*Try it:* The expected output is each line below containing "import", copied in full.

* * * *

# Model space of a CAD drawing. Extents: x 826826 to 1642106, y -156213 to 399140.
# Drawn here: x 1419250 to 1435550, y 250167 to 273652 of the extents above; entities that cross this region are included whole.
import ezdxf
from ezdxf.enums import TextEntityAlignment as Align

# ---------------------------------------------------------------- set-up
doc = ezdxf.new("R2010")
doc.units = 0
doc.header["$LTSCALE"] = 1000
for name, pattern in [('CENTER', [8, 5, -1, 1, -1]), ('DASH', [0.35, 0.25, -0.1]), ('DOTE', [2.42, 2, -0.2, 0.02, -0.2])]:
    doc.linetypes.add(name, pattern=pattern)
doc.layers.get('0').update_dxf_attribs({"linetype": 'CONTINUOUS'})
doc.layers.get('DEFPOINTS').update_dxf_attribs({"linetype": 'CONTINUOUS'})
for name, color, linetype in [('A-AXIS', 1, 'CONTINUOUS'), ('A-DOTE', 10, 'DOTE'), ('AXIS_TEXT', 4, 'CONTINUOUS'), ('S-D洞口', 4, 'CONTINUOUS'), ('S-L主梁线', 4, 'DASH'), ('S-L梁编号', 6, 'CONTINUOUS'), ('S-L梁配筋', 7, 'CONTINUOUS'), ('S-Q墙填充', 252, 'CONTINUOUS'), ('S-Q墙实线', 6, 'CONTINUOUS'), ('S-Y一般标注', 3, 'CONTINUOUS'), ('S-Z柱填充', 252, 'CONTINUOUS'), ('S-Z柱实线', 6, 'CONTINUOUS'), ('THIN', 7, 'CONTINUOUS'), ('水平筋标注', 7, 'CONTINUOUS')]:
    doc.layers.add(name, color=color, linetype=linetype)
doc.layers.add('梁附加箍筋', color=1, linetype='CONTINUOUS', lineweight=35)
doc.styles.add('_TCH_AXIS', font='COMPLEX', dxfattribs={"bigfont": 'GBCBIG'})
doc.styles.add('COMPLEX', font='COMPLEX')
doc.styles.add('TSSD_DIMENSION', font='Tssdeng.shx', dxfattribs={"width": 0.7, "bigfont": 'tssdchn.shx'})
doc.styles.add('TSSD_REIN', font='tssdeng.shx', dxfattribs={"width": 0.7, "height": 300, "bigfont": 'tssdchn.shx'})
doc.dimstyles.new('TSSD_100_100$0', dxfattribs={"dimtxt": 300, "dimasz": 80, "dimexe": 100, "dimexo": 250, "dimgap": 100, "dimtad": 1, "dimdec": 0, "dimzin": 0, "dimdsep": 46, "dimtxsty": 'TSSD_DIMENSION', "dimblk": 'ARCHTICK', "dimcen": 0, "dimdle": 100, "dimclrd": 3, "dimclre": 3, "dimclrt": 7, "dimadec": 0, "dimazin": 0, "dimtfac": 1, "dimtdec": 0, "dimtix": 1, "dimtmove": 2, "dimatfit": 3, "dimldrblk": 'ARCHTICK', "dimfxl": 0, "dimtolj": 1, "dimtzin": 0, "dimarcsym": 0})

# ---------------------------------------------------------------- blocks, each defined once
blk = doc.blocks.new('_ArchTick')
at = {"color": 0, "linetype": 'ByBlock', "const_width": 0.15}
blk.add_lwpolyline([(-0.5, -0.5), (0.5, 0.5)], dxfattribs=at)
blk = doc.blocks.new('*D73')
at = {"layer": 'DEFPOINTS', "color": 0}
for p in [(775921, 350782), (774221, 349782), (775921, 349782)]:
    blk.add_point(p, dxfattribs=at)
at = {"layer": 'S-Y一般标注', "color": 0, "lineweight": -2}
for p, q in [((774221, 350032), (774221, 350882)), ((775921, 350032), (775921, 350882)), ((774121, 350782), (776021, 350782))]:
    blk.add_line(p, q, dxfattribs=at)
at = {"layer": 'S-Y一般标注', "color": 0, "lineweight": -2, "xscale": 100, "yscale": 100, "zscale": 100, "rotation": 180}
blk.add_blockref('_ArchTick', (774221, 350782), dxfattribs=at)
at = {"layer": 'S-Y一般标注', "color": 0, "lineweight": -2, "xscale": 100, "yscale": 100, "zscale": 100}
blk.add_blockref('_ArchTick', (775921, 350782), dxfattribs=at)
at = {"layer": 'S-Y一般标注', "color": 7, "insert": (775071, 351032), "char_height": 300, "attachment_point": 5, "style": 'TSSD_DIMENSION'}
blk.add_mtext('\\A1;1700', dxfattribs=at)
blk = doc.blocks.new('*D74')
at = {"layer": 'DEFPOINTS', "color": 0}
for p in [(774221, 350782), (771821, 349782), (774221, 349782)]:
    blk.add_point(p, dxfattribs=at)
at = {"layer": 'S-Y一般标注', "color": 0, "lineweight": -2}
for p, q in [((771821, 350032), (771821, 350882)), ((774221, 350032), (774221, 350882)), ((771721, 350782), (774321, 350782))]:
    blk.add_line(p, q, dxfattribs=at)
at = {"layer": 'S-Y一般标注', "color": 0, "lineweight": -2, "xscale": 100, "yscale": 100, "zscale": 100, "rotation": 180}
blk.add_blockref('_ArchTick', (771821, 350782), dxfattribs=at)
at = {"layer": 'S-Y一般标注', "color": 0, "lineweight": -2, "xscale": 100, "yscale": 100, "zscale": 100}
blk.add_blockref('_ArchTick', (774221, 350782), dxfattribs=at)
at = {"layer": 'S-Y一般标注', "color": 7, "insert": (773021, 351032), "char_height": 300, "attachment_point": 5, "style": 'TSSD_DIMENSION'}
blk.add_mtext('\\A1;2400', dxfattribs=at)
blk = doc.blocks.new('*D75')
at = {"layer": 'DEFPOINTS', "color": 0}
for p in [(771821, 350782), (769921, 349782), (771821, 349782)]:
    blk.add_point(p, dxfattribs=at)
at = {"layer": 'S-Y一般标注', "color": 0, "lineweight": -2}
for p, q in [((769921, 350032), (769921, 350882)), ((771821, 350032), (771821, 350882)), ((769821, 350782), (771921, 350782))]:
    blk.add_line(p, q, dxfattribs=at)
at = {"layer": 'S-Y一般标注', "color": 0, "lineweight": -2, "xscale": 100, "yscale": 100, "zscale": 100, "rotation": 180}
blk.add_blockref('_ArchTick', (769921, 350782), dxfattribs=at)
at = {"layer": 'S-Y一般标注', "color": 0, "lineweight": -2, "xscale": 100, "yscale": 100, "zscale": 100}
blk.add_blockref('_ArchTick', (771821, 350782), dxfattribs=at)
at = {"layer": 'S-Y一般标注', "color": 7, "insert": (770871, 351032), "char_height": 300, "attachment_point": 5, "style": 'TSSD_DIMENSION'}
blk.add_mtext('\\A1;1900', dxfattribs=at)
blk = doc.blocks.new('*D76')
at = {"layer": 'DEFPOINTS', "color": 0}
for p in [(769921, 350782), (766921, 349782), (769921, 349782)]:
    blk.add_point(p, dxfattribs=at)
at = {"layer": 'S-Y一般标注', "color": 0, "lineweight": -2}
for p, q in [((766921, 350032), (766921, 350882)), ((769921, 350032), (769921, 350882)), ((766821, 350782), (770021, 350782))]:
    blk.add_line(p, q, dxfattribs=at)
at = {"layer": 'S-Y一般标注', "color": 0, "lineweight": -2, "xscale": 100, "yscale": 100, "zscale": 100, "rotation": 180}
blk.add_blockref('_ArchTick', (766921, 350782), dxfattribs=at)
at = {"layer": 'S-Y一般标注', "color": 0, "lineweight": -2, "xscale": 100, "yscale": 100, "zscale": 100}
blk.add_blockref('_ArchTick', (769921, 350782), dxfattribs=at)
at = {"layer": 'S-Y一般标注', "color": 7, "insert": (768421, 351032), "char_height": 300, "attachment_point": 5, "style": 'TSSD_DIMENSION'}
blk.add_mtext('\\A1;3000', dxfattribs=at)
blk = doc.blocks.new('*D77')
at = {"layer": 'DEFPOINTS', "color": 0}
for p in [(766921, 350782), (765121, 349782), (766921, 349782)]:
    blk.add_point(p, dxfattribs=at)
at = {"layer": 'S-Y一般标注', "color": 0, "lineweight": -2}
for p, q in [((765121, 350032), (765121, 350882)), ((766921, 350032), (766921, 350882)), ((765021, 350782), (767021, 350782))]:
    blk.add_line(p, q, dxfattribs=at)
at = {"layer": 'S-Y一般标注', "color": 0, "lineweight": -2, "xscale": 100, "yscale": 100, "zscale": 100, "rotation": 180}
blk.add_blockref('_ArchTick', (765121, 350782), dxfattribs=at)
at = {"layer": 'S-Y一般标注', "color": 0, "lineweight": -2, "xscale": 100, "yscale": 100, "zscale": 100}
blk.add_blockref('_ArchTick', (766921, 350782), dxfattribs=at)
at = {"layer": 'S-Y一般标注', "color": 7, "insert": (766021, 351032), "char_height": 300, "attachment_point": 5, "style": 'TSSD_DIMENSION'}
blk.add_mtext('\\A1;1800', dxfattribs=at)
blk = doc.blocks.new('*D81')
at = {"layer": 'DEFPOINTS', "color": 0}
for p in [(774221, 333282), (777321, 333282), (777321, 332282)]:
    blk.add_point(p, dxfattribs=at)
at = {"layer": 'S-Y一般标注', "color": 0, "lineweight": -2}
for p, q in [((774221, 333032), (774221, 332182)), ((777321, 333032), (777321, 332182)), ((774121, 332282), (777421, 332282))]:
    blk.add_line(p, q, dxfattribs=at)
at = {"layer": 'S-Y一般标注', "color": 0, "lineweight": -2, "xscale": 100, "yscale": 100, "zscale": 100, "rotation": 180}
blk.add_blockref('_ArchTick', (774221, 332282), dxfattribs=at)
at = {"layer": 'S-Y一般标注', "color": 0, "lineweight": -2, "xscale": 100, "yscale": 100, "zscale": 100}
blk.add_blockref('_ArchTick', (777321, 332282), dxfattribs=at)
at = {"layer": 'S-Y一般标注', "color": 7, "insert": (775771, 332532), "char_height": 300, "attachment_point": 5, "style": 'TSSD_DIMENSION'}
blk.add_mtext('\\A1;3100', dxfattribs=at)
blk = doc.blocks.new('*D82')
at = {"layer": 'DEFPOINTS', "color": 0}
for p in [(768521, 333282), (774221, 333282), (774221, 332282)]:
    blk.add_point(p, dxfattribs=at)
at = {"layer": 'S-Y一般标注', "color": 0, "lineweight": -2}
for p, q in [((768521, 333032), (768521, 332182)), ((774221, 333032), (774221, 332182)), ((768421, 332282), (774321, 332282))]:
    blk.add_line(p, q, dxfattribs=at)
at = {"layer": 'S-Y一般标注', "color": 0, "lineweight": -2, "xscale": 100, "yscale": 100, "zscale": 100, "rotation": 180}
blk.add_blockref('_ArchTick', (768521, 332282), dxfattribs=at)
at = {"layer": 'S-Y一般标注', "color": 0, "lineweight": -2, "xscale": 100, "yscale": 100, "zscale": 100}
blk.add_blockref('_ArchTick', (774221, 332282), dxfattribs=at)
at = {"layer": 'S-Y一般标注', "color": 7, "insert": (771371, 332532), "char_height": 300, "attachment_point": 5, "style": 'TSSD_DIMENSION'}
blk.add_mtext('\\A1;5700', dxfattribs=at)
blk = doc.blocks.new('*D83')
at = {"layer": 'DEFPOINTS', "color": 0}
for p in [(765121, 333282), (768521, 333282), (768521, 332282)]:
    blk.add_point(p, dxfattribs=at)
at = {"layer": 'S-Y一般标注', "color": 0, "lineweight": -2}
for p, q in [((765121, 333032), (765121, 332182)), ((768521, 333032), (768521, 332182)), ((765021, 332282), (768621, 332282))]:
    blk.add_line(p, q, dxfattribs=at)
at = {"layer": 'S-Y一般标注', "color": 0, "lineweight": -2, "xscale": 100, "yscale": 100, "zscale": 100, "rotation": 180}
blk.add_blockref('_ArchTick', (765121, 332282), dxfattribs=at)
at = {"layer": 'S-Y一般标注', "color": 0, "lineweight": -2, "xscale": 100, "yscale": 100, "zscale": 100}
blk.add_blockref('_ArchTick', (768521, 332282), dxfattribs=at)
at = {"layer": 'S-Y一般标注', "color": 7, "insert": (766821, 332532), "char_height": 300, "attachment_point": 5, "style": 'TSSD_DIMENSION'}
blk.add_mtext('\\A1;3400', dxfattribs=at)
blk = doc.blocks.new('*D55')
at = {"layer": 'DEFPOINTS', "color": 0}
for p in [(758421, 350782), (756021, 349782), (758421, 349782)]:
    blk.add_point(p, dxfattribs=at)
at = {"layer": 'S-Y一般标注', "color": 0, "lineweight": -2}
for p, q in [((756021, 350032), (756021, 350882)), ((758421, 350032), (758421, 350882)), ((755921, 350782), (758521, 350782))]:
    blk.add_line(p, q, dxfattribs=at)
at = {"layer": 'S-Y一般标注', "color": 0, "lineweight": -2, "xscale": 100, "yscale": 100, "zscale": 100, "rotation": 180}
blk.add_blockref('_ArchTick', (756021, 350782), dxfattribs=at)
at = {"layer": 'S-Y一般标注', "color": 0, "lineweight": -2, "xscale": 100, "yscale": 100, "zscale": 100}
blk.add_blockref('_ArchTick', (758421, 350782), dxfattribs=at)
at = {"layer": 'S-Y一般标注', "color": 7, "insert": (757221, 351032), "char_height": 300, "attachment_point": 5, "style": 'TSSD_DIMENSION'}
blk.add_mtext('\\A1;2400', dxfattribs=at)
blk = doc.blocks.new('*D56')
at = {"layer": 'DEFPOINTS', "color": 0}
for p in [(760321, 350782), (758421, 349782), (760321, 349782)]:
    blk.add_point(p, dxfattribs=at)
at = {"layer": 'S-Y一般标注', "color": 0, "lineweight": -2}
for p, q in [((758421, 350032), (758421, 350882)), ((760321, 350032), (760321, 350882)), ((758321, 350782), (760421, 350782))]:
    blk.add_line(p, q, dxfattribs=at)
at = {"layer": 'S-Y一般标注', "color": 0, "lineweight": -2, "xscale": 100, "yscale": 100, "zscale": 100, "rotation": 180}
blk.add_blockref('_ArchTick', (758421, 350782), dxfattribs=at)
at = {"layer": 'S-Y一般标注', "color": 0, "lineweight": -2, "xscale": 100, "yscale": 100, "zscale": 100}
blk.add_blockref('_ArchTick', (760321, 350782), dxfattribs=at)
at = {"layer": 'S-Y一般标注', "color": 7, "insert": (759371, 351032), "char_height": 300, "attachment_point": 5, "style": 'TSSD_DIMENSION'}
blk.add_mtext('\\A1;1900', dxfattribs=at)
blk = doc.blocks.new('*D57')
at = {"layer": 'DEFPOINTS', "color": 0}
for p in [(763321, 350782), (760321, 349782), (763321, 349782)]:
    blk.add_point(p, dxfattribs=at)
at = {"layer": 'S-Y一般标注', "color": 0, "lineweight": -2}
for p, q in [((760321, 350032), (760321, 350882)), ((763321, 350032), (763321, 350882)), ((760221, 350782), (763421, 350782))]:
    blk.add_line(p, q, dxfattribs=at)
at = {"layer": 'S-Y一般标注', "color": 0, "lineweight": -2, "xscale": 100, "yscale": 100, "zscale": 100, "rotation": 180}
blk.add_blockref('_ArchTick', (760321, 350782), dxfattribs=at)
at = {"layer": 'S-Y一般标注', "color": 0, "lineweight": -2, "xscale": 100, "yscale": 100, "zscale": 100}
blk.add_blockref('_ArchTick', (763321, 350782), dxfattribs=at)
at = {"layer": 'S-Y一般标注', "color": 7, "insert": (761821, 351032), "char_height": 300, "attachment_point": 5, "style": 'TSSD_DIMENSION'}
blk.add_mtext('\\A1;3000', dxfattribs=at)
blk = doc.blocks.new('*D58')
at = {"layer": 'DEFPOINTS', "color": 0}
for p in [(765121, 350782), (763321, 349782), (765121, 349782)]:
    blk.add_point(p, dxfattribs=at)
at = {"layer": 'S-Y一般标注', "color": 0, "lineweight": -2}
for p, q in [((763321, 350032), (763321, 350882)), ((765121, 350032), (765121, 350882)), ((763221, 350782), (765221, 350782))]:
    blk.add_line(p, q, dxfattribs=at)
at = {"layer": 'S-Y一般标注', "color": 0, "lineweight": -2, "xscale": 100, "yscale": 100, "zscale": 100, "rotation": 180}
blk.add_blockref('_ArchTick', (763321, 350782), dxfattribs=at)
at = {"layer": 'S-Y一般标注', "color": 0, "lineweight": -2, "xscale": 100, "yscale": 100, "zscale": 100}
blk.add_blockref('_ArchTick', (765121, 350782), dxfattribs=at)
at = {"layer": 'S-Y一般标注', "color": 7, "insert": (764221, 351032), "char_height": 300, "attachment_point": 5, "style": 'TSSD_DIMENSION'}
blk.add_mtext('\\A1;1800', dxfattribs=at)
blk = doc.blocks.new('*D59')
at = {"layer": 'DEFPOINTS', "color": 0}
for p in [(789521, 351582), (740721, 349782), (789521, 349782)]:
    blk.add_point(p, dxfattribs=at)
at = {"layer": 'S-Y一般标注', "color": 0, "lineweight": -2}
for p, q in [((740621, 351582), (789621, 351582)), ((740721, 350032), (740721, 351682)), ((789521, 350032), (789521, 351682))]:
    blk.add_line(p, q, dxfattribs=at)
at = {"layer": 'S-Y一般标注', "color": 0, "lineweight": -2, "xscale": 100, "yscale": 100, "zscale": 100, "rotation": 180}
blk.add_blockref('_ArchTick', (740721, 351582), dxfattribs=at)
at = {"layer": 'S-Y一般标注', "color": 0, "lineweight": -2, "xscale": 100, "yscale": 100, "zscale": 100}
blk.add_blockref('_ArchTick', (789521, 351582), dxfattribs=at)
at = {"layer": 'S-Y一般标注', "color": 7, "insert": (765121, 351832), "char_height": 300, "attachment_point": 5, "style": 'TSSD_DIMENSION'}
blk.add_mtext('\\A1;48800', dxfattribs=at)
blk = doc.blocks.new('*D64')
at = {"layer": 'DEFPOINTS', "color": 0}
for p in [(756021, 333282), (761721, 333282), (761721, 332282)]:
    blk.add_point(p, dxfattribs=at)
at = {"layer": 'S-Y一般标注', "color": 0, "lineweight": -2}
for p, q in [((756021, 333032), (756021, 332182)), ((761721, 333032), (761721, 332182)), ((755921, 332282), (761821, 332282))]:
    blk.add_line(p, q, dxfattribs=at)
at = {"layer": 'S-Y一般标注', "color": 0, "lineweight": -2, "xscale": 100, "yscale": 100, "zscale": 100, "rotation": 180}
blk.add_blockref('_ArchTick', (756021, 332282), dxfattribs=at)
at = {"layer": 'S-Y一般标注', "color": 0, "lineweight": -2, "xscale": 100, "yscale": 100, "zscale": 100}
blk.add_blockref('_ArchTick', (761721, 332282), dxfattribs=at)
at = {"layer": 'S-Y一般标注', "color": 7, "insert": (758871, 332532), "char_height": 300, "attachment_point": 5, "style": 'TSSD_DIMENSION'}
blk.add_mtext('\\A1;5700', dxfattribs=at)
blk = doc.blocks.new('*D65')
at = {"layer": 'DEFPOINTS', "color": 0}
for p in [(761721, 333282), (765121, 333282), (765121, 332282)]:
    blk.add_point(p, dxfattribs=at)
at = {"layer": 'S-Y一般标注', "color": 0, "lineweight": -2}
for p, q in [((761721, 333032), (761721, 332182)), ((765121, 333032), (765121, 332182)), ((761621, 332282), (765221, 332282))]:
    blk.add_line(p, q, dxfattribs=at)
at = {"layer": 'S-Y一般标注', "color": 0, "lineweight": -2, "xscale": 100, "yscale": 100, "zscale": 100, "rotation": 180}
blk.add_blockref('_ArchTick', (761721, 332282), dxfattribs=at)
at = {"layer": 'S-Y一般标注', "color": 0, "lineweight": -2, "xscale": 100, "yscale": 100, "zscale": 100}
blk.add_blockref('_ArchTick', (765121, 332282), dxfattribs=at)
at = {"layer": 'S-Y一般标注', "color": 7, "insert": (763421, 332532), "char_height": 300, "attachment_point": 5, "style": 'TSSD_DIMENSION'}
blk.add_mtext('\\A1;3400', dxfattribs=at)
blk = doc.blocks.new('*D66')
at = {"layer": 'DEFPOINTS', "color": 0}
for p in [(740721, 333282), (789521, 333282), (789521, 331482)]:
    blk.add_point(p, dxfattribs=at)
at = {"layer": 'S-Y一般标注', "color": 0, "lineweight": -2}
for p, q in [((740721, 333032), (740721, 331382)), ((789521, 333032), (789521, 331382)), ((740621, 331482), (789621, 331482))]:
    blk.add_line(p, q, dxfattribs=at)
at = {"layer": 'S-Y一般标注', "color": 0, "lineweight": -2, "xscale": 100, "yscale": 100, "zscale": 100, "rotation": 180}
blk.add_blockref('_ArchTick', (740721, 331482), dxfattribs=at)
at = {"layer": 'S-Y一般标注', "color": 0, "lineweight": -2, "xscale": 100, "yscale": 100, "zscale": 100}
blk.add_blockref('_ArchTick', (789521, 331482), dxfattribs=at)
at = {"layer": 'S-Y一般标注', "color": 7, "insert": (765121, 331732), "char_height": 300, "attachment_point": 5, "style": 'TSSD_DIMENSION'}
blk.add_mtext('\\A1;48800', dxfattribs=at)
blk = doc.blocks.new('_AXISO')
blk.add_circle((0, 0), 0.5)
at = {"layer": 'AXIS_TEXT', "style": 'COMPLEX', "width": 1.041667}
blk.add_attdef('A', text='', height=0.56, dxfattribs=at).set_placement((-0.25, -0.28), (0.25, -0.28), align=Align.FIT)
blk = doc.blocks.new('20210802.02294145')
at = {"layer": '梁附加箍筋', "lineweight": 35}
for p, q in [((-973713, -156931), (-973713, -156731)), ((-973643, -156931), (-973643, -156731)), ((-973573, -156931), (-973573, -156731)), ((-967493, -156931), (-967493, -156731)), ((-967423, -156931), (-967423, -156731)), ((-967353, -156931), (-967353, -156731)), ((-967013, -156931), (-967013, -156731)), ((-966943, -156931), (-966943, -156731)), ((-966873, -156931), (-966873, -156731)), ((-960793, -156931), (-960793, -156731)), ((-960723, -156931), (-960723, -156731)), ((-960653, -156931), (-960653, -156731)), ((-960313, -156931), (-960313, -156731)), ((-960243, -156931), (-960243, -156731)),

* * * *

*Task result:*
import ezdxf
from ezdxf.enums import TextEntityAlignment as Align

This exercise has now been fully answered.